Second is declining perceived desktop product quality and a company direction that customers increasingly don’t appear to like. Apple, which is a traditional competitor not just against Microsoft’s offerings but against the model that created Microsoft’s existence, is surging. It is setting an example for other OEMs, many of whom are now actively exploring similar paths. Were these vendors to move in this direction, Microsoft would face a collapse of much of its perceived value and likely be forced into the hardware market as well, much like it does in the game system business, competing with an integrated product. Zune and Xbox both demonstrate that the result would be a vastly smaller and weaker company.
Third is "cloud computing" because it is a disruptive change and likely to put the existing large vendors at higher risk; it allows smaller companies to move up very quickly into positions of dominance. Google is an example of this, but it is the market move that is the direct threat. Google is just a byproduct of that threat, as are MySpace, Facebook, Second Life and even World of Warcraft. For a tools and platforms company, the goal should be to provide the engine underneath all of these companies, not buy them.
The first and, to some degree, the second problem are forcing a response to the third problem, but that isn’t scalable and forms a distraction from fixing the first two. Using the Iraq example again, the war, by most measures, actually made what should have been higher priority problems worse, not better.
In short, rather than buying Yahoo, if Microsoft were in better shape, the right choice would be to successfully sell Yahoo on Microsoft technology and then use the result to influence other emerging companies to do the same, thus assuring Microsoft’s model and the firm’s long-term success. But, by going down the acquisition path, it can only gain influence through force (hostile merger), which will lower the resources available to make better tools and platforms and turn natural partners into natural competitors over time as they move to resist that same force.
So: Again, Is Yahoo a Bad Idea?
If Microsoft believes it can’t correct the first two problems, the acquisition path is all that is really open to it. Realistically, it will probably have to eventually take a much less influential roll and possibly abandon its platform and tools business to better focus on increasing Web and media properties. A future administration will eventually have to pick one path or the other and focus, either spinning out acquisitions like Yahoo as counter-strategic, or spinning the core business for much the same reason, to gain that necessary focus. I’d place the time frame for such a decision around the time Steve Ballmer’s successor left or retired (typically, handpicked successors try to initially hold course, with Sun as a recent successful exception to that rule). It is at least a decade in Microsoft’s future.

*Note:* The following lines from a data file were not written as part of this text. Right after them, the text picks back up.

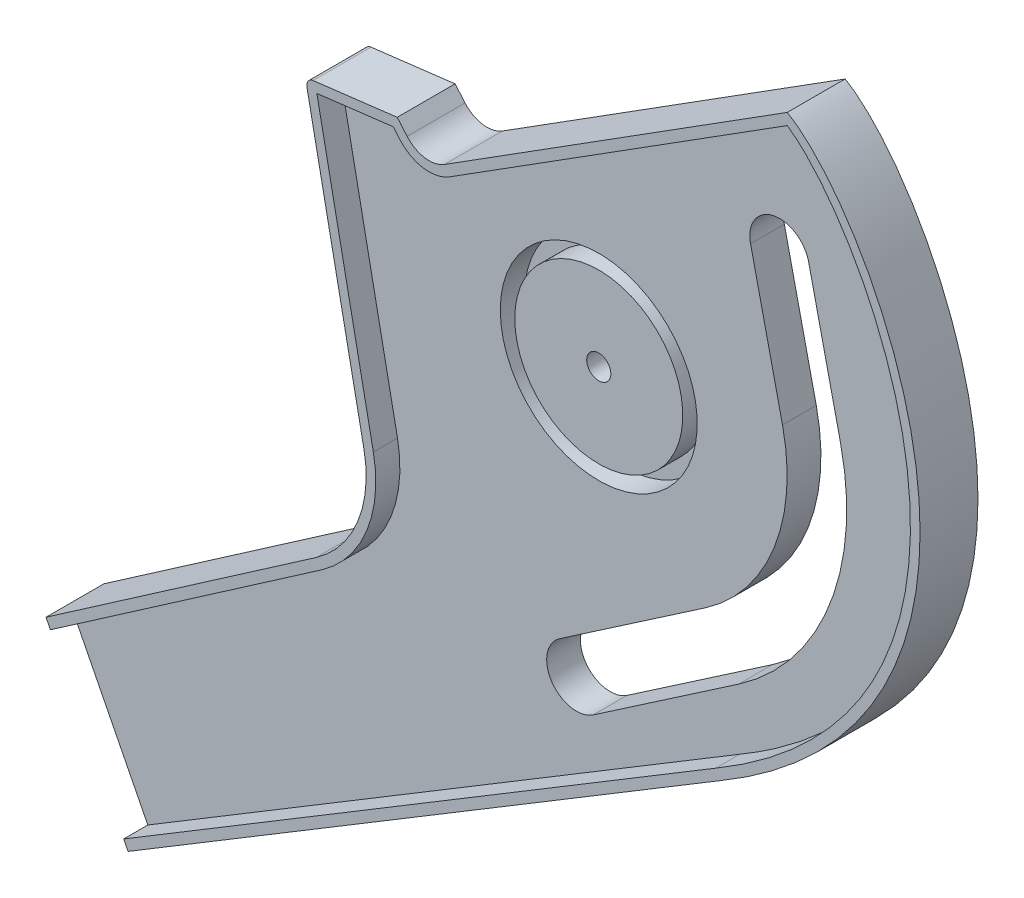
SolidWorks part; units mm, degrees
ref_plane "Front" through (0, 0, 0) normal (0, 0, 1) x (1, 0, 0)
ref_plane "Top" through (0, 0, 0) normal (0, 1, 0) x (1, 0, 0)
ref_plane "Right" through (0, 0, 0) normal (1, 0, 0) x (0, 0, -1)
sketch "Sketch1" plane through (0, 0, 0) normal (0, 0, 1) x (1, 0, 0)
  line L0 (-26.9556, 25.3594) -> (44.0508, 70.1983)
  line L1 (-34.7127, 26.5254) -> (-36.7655, 28.9177)
  line L2 (-36.7655, 28.9177) -> (-54.1949, 26.7961)
  line L3 (-55.4845, 25.0127) -> (-43.6679, -34.025)
  line L4 (-53.5518, -58.476) -> (-109.5463, -97.1922)
  line L5 (38.0775, 8.6273) -> (31.458, 37.8434)
  line L6 (-109.5463, -97.1922) -> (-92.5425, -130.7242)
  line L7 (-92.5425, -130.7242) -> (30.2552, -56.6109)
  line L8 (43.4964, 40.571) -> (50.116, 11.3549)
  line L9 (22.029, -32.2343) -> (-8.1037, -52.8271)
  line L10 (28.9936, -42.4254) -> (-1.1391, -63.0182)
  circle A0 centre (0, 0) radius 2.5
  arc A1 (22.029, -32.2343) -> (38.0775, 8.6273) centre (0, 0) ccw
  arc A2 (-31.6125, 22.9124) -> (-6.0284, 38.5744) centre (0, 0) ccw construction
  arc A3 (-45.8239, -23.2534) -> (12.0074, 49.9637) centre (0, 0) ccw construction
  arc A4 (43.4964, 40.571) -> (31.458, 37.8434) centre (37.4772, 39.2072) ccw
  arc A5 (-8.1037, -52.8271) -> (-1.1391, -63.0182) centre (-4.6214, -57.9226) ccw
  arc A6 (28.9936, -42.4254) -> (50.116, 11.3549) centre (0, 0) ccw
  arc A7 (-26.9556, 25.3594) -> (-34.7127, 26.5254) centre (-30.1592, 30.4326) cw
  arc A8 (-53.5518, -58.476) -> (-43.6679, -34.025) centre (-67.2012, -38.7353) ccw
  arc A9 (-55.4845, 25.0127) -> (-54.1949, 26.7961) centre (-54.0136, 25.3071) cw
  spline S0 degree 3 poles (44.0508, 70.1983) (62.0872, 60.1291) (102.2368, -14.3098) (30.2552, -56.6109) knots 0 0 0 0 1 1 1 1
  point P27 (-31.3377, 22.5922)
  point P30 (-40.5705, -49.5003)
  point P33 (-55.8023, 26.6004)
  dimension "D1" = 5
  dimension "D2" = 6
  dimension "D3" = 24
  dimension "D4" = 1.5
extrude "Boss-Extrude1" add sketch "Sketch1" against normal blind 12
sketch "Sketch3" plane through (0, 0, -12) normal (0, 0, -1) x (-1, 0, 0)
  line L0 (108.6334, -98.9925) -> (93.4495, -128.9356)
  line L14 (-29.2318, -54.8925) -> (91.7325, -127.8993)
  line L15 (91.7325, -127.8993) -> (106.9731, -97.8446)
  line L16 (106.9731, -97.8446) -> (52.4144, -60.121)
  line L17 (41.7068, -33.6325) -> (53.4174, 24.876)
  line L18 (53.4174, 24.876) -> (37.5863, 26.803)
  line L19 (37.5863, 26.803) -> (36.2305, 25.223)
  line L20 (25.8878, 23.6683) -> (-44.0657, 67.8424)
  line L21 (-29.2318, -54.8925) -> (91.7325, -127.8993)
  line L23 (106.9731, -97.8446) -> (52.4144, -60.121)
  line L24 (41.7068, -33.6325) -> (53.4174, 24.876)
  line L25 (53.4174, 24.876) -> (37.5863, 26.803)
  line L26 (37.5863, 26.803) -> (36.2305, 25.223)
  line L27 (25.8878, 23.6683) -> (-44.0657, 67.8424)
  line L28 (106.9731, -97.8446) -> (108.6334, -98.9925)
  line L29 (91.7325, -127.8993) -> (93.4495, -128.9356)
  arc A6 (41.7068, -33.6325) -> (52.4144, -60.121) centre (67.2012, -38.7353) ccw
  arc A7 (25.8878, 23.6683) -> (36.2305, 25.223) centre (30.1592, 30.4326) ccw
  arc A8 (41.7068, -33.6325) -> (52.4144, -60.121) centre (67.2012, -38.7353) ccw
  arc A9 (25.8878, 23.6683) -> (36.2305, 25.223) centre (30.1592, 30.4326) ccw
  spline S2 degree 3 poles (2240.8358, -1874.0546) (70.3051, 62.6302) (-16.6661, 90.9798) (-46.4871, 65.9605) (-47.0473, 65.4487) (-48.6768, 63.8665) (-49.6957, 62.7498) (-51.6431, 60.4338) (-52.5706, 59.2336) (-54.3517, 56.7652) (-55.2062, 55.4942) (-57.6422, 51.6374) (-59.1085, 48.9944) (-61.7722, 43.5859) (-62.9685, 40.8198) (-64.5622, 36.5793) (-65.0597, 35.1505) (-65.7539, 32.9835) (-65.9766, 32.2572) (-66.4043, 30.7965) (-66.6095, 30.061) (-67.5855, 26.3799) (-68.208, 23.4215) (-69.1242, 17.4766) (-69.4179, 14.4901) (-69.6479, 8.4866) (-69.5843, 5.4695) (-69.1862, 0.918) (-69.002, -0.6064) (-68.534, -3.6145) (-68.2499, -5.104) (-67.2468, -9.5287) (-66.377, -12.4201) (-64.7639, -16.6675) (-64.1747, -18.0684) (-63.2125, -20.1468) (-62.8781, -20.837) (-62.1877, -22.2002) (-61.8315, -22.8741) (-59.9965, -26.2052) (-58.3564, -28.7487) (-54.7619, -33.6141) (-52.8073, -35.9359) (-49.6574, -39.2648) (-48.5761, -40.3432) (-46.3668, -42.4313) (-45.237, -43.4429) (102.6878, -169.372) (622.4767, 187.2425) (-1367.1721, -2695.8067) knots -0.766573 -0.766573 -0.766573 -0.766573 0.015625 0.015625 0.03125 0.03125 0.0625 0.0625 0.09375 0.09375 0.125 0.125 0.1875 0.1875 0.25 0.25 0.28125 0.28125 0.296875 0.296875 0.3125 0.3125 0.375 0.375 0.4375 0.4375 0.5 0.5 0.53125 0.53125 0.5625 0.5625 0.625 0.625 0.65625 0.65625 0.671875 0.671875 0.6875 0.6875 0.75 0.75 0.8125 0.8125 0.84375 0.84375 0.875 0.875 4.852829 4.852829 4.852829 4.852829 only from (-44.0657, 67.8424) to (-29.2318, -54.8925)
  spline S3 degree 3 poles (-44.0657, 67.8424) (-44.712, 67.4094) (-45.3191, 66.9405) (-46.4871, 65.9605) (-47.0473, 65.4487) (-48.6768, 63.8665) (-49.6957, 62.7498) (-51.6431, 60.4338) (-52.5706, 59.2336) (-54.3517, 56.7652) (-55.2062, 55.4942) (-57.6422, 51.6374) (-59.1085, 48.9944) (-61.7722, 43.5859) (-62.9685, 40.8198) (-64.5622, 36.5793) (-65.0597, 35.1505) (-65.7539, 32.9835) (-65.9766, 32.2572) (-66.4043, 30.7965) (-66.6095, 30.061) (-67.5855, 26.3799) (-68.208, 23.4215) (-69.1242, 17.4766) (-69.4179, 14.4901) (-69.6479, 8.4866) (-69.5843, 5.4695) (-69.1862, 0.918) (-69.002, -0.6064) (-68.534, -3.6145) (-68.2499, -5.104) (-67.2468, -9.5287) (-66.377, -12.4201) (-64.7639, -16.6675) (-64.1747, -18.0684) (-63.2125, -20.1468) (-62.8781, -20.837) (-62.1877, -22.2002) (-61.8315, -22.8741) (-59.9965, -26.2052) (-58.3564, -28.7487) (-54.7619, -33.6141) (-52.8073, -35.9359) (-49.6574, -39.2648) (-48.5761, -40.3432) (-46.3668, -42.4313) (-45.237, -43.4429) (-39.4718, -48.3509) (-34.4912, -51.8017) (-29.2318, -54.8925) knots 0 0 0 0 0.015625 0.015625 0.03125 0.03125 0.0625 0.0625 0.09375 0.09375 0.125 0.125 0.1875 0.1875 0.25 0.25 0.28125 0.28125 0.296875 0.296875 0.3125 0.3125 0.375 0.375 0.4375 0.4375 0.5 0.5 0.53125 0.53125 0.5625 0.5625 0.625 0.625 0.65625 0.65625 0.671875 0.671875 0.6875 0.6875 0.75 0.75 0.8125 0.8125 0.84375 0.84375 0.875 0.875 1 1 1 1
  dimension "D1" = 2
extrude "Cut-Extrude2" cut sketch "Sketch3" against normal blind 5
sketch "Sketch2" plane through (0, 0, -7) normal (0, 0, -1) x (-1, 0, 0)
  circle A0 centre (0, 0) radius 20.407
  circle A3 centre (0, 0) radius 20.407 construction
  circle A4 centre (0, 0) radius 17.407
  circle A5 centre (0, 0) radius 17.407 construction
extrude "Cut-Extrude1" cut sketch "Sketch2" against normal blind 5
mirror "Mirror2" about plane through (0, 0, 0) normal (0, 0, 1) of "Cut-Extrude2", "Cut-Extrude1", "Boss-Extrude1"
sketch "Sketch4" plane through (0, 0, 0) normal (0, 1, 0) x (1, 0, 0)
  line L1 (-184.7977, 0) -> (101.0779, 0)
  line L2 (-184.7977, 0) -> (-184.7977, 19.6829)
  line L3 (-184.7977, 19.6829) -> (101.0779, 19.6829)
  line L4 (101.0779, 0) -> (101.0779, 19.6829)
extrude "Cut-Extrude3" cut sketch "Sketch4" along normal mid plane 295

In short, if Yahoo is taking the focus off of correcting higher priority problems in Microsoft and will result in a crippled company, it is a bad idea. If the acquisition forms the natural transition of the firm from a model that is showing signs of failure to one that is more successful, it is a good idea. Either path is viable but I wonder if the second outcome is one that is even being considered in Redmond.
Common advice before making a big purchase is to list your priorities and see if the purchase fits within them. Do you really need a new TV more than new tires or a better funded retirement plan? What if Microsoft, rather than buying Yahoo, focused on making the company a better place to work and future products more exciting and attractive? None of us can do everything and we could all make more measured choices, including Microsoft.